Metadata-Version: 2.1
Name: krag
Version: 0.0.3
Summary: A Python package for RAG performance evaluation
License: MIT
Keywords: RAG,evaluation,BM25,NLP
Author: Pandas-Studio
Author-email: ontofinance@gmail.com
Requires-Python: >=3.10,<4.0
Classifier: License :: OSI Approved :: MIT License
Classifier: Programming Language :: Python :: 3
Classifier: Programming Language :: Python :: 3.10
Classifier: Programming Language :: Python :: 3.11
Classifier: Programming Language :: Python :: 3.12
Requires-Dist: cython (>=3.0.11,<4.0.0)
Requires-Dist: kiwipiepy (>=0.18.0,<0.19.0)
Requires-Dist: korouge-score (>=0.1.4,<0.2.0)
Requires-Dist: langchain (>=0.2.12,<0.3.0)
Requires-Dist: langchain-community (>=0.2.11,<0.3.0)
Requires-Dist: langchain-openai (>=0.1.20,<0.2.0)
Requires-Dist: numpy (>=1.21,<2.0)
Requires-Dist: python-dotenv (==1.0.0)
Requires-Dist: rank-bm25 (>=0.2.2,<0.3.0)
Requires-Dist: twine (>=5.1.1,<6.0.0)
Description-Content-Type: text/markdown

# Krag

Krag is a Python package designed for evaluating retrieval-augmented generation (RAG) systems. It provides tools to calculate various evaluation metrics such as hit rate, recall@k, precision@k, MRR (Mean Reciprocal Rank), MAP (Mean Average Precision), NDCG (Normalized Discounted Cumulative Gain), and more.
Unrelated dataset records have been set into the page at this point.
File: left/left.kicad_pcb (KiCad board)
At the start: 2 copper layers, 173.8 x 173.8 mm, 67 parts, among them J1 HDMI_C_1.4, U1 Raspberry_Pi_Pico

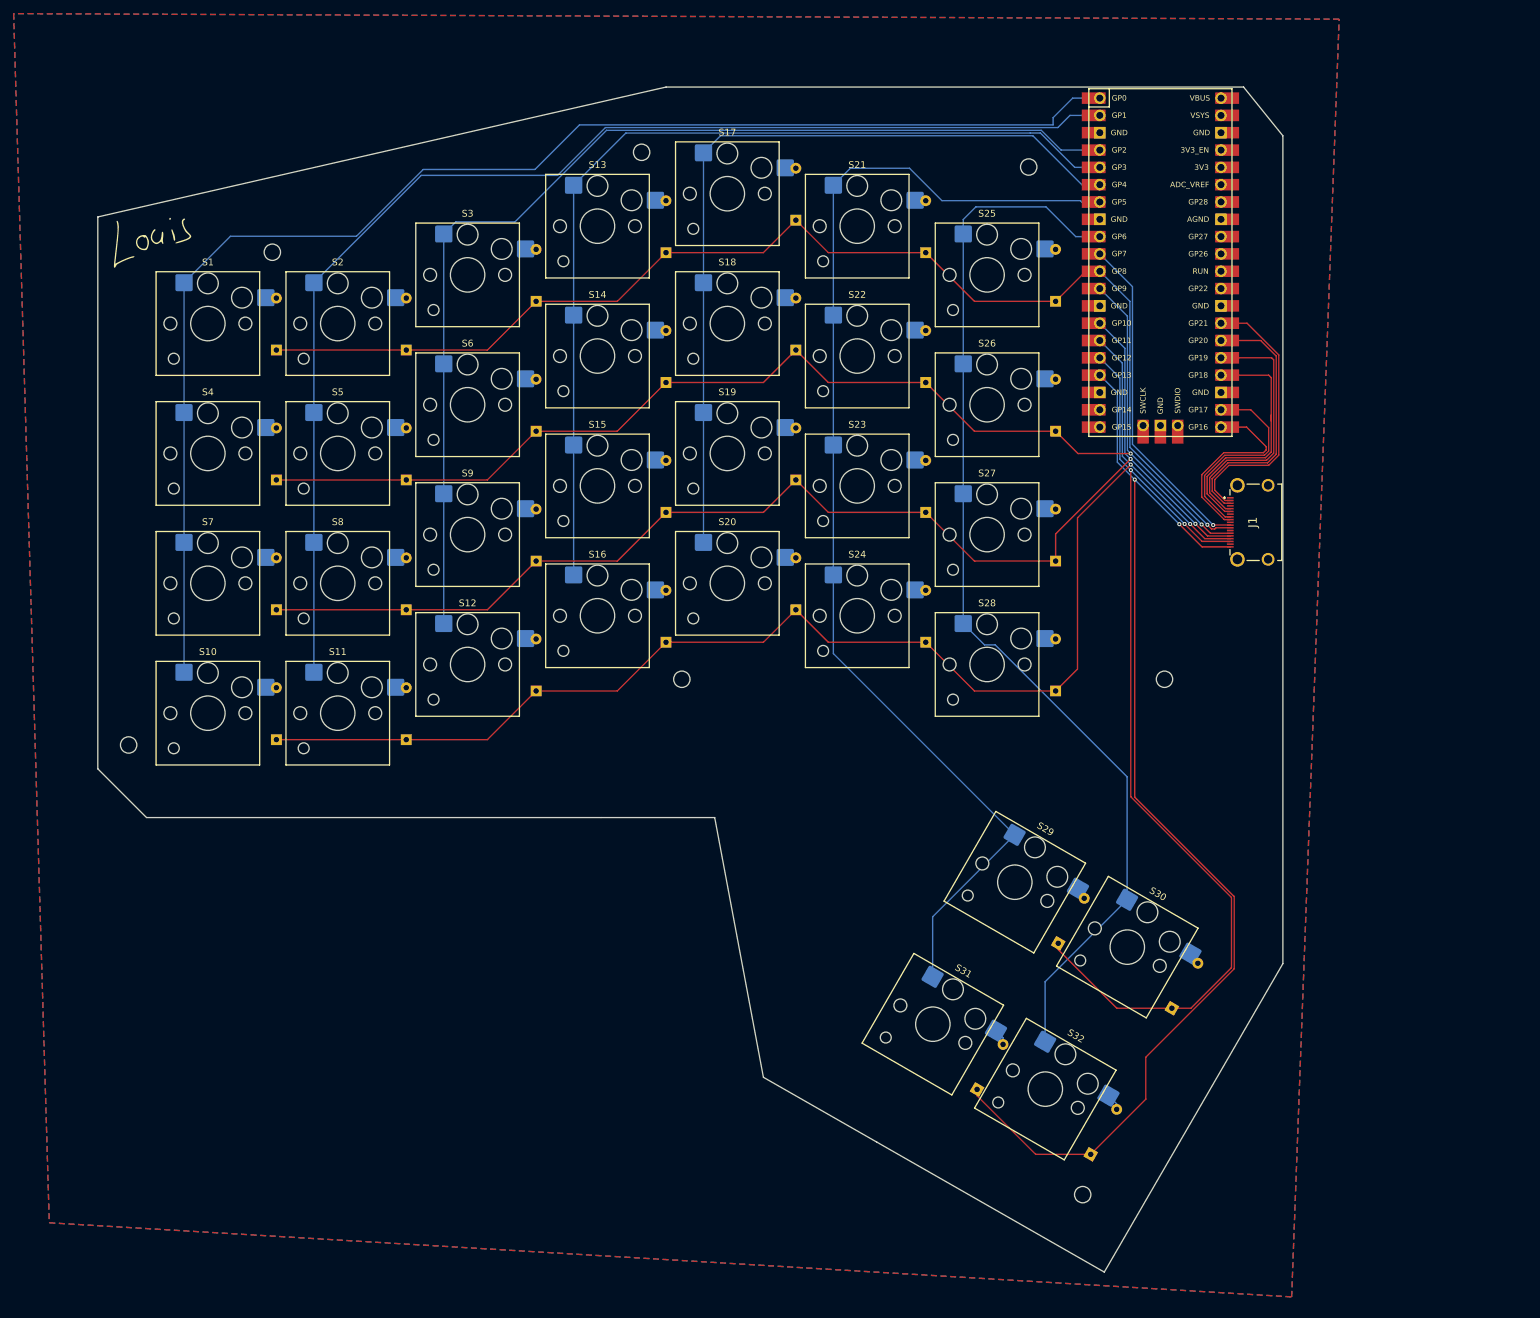
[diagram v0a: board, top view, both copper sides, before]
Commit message: Fix issues from update to KiCad 9
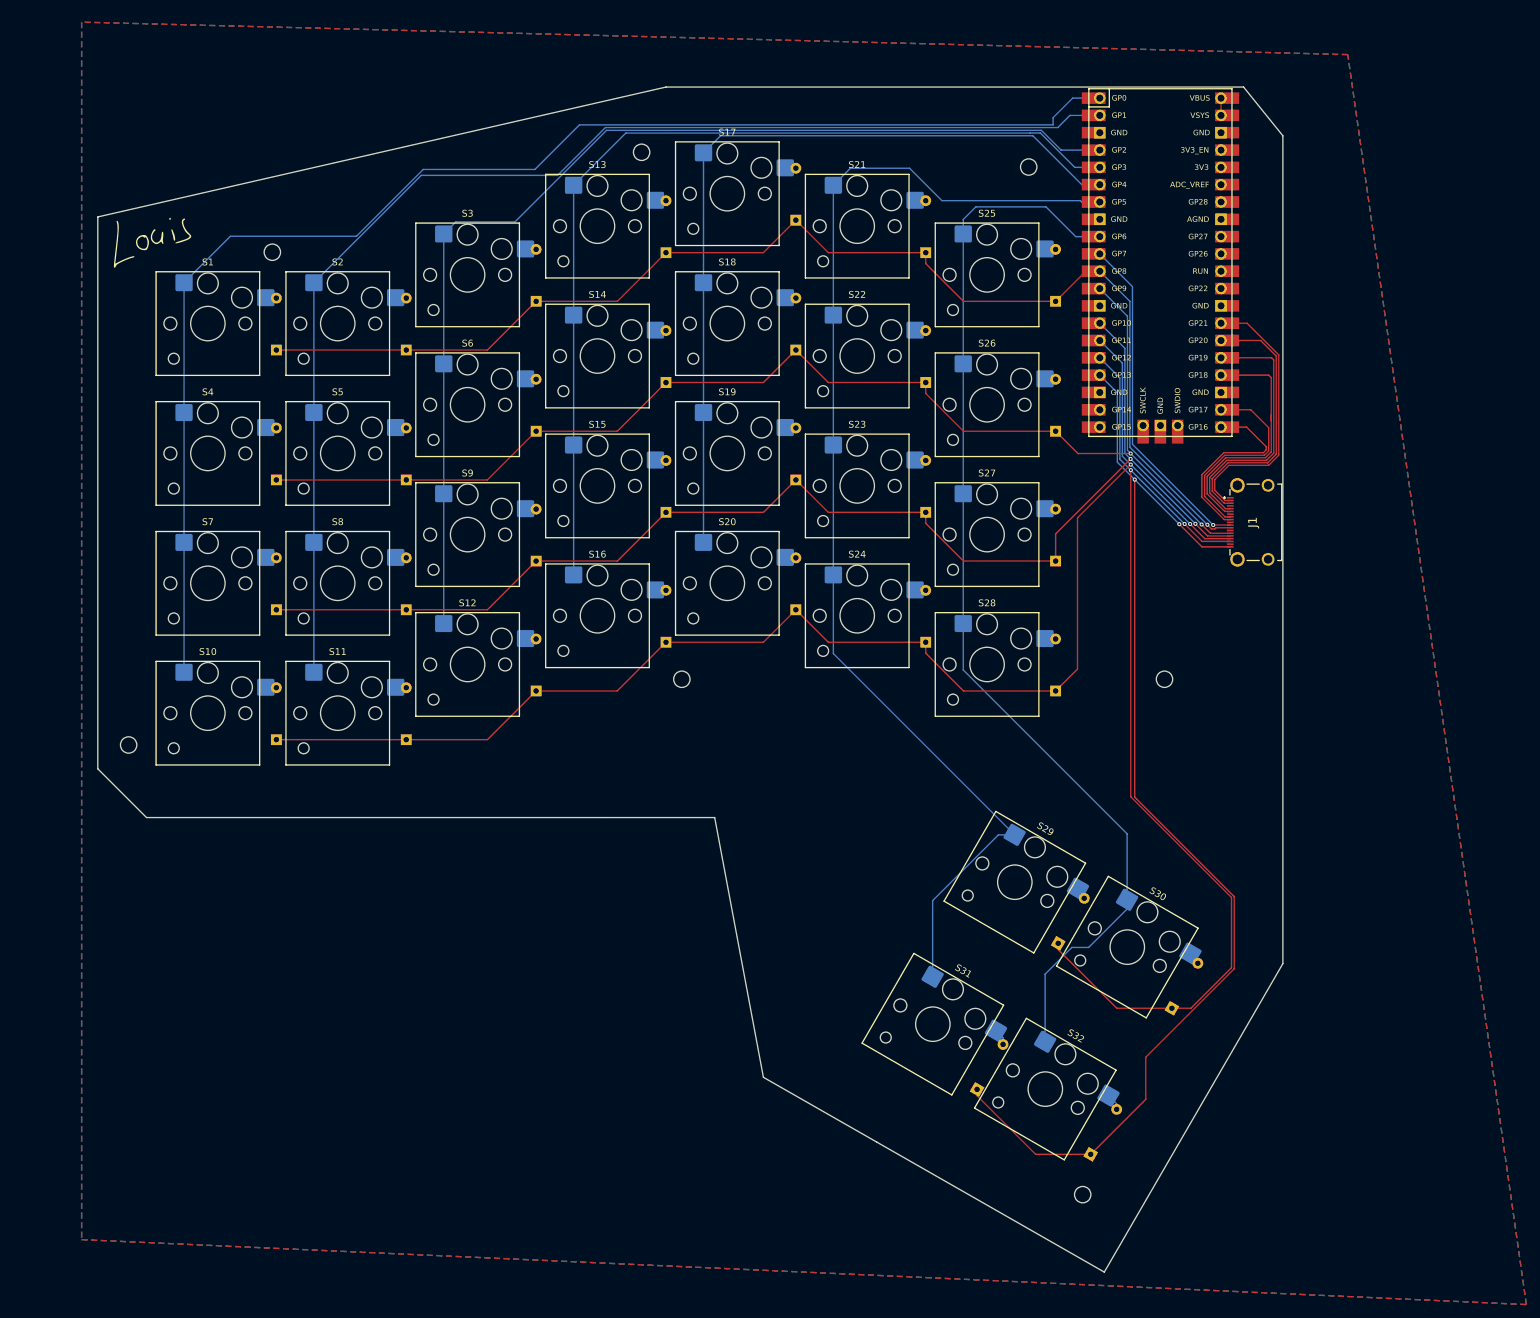
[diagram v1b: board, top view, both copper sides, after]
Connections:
- D10 pad 1: Row 1 -> Row 3
- D11 pad 1: Row 2 -> Row 3
- D2 pad 1: Row 1 -> Row 0
- D3 pad 1: Row 2 -> Row 0
- D30 pad 1: Row 5 -> Row 4
- D31 pad 1: Row 4 -> Row 5
- D4 pad 1: Row 3 -> Row 1
- D5 pad 1: Row 0 -> Row 1
- D8 pad 1: Row 3 -> Row 2
- D9 pad 1: Row 0 -> Row 2
- S10 pad 1: Col 2 -> Col 0
- S11 pad 1: Col 2 -> Col 1
- S2 pad 1: Col 0 -> Col 1
- S3 pad 1: Col 0 -> Col 2
- S30 pad 1: Col 5 -> Col 6
- S31 pad 1: Col 6 -> Col 5
- S6 pad 1: Col 1 -> Col 2
- S7 pad 1: Col 1 -> Col 0
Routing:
- net Net-(U1-VBUS): track 0.00 -> 2.54 mm
- net Col 5: track 174.3 -> 175.7 mm
- net Row 2: track 187.7 -> 188.7 mm
- net Row 3: track 204.1 -> 205.0 mm
- net Row 1: track 185.0 -> 186.0 mm
- net Row 0: track 182.6 -> 183.6 mm
- net Col 6: track 159.1 -> 159.6 mm

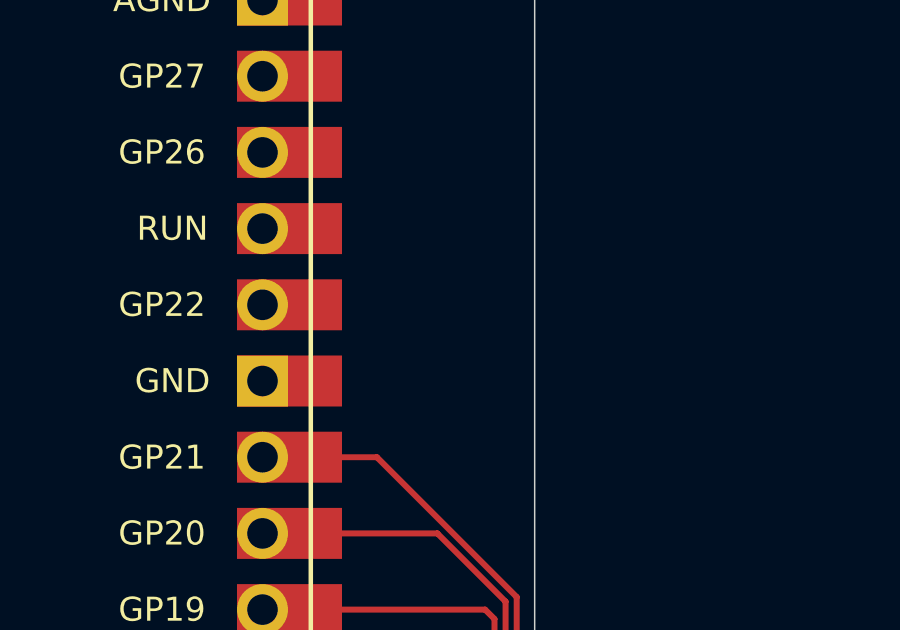
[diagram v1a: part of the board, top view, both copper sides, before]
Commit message: Add OSHW logo
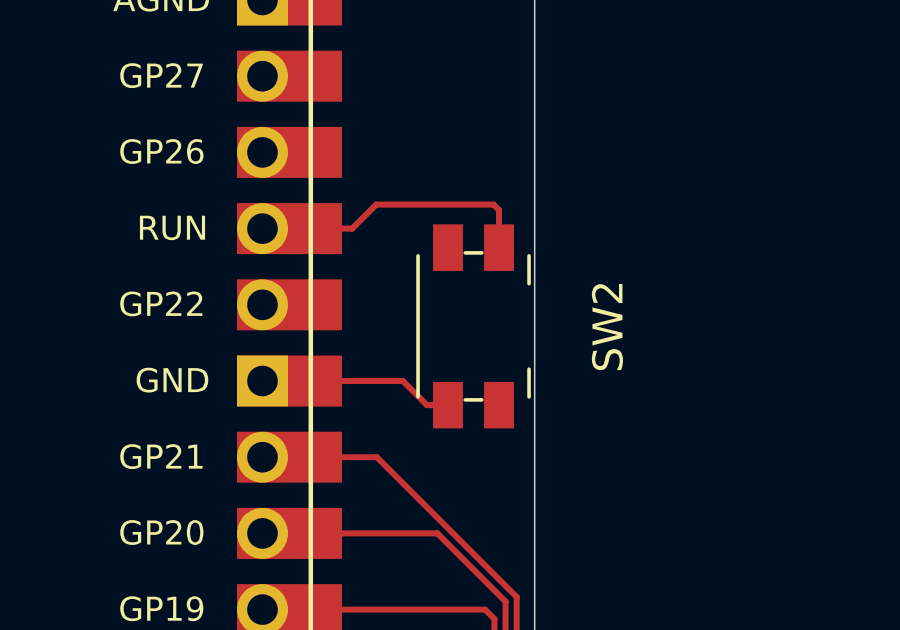
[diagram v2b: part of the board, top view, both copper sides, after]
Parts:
- added SW2: SW_Push, Button_Switch_SMD:Panasonic_EVQPUJ_EVQPUA, F.Cu at (231.3, 89.8)
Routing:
- net Net-(U1-RUN): track 0.00 -> 10.1 mm
- net Net-(SW2-Pad2): track 0.00 -> 6.52 mm

Krag는 RAG 시스템(Retrieval-Augmented Generation)을 평가하기 위해 설계된 Python 패키지입니다. Hit Rate, Recall@k, Precision@k, MRR(Mean Reciprocal Rank), MAP(Mean Average Precision), NDCG(Normalized Discounted Cumulative Gain) 등 다양한 평가 지표를 계산하는 도구를 제공합니다.

## Installation / 설치 방법

You can install Krag using pip:

```bash
pip install krag
```

Krag는 pip을 통해 설치할 수 있습니다:

```bash
pip install krag
```

## Usage / 사용 예시

Here is a simple example of how to use the `KragDocument` and `OfflineRetrievalEvaluators` classes provided by this package.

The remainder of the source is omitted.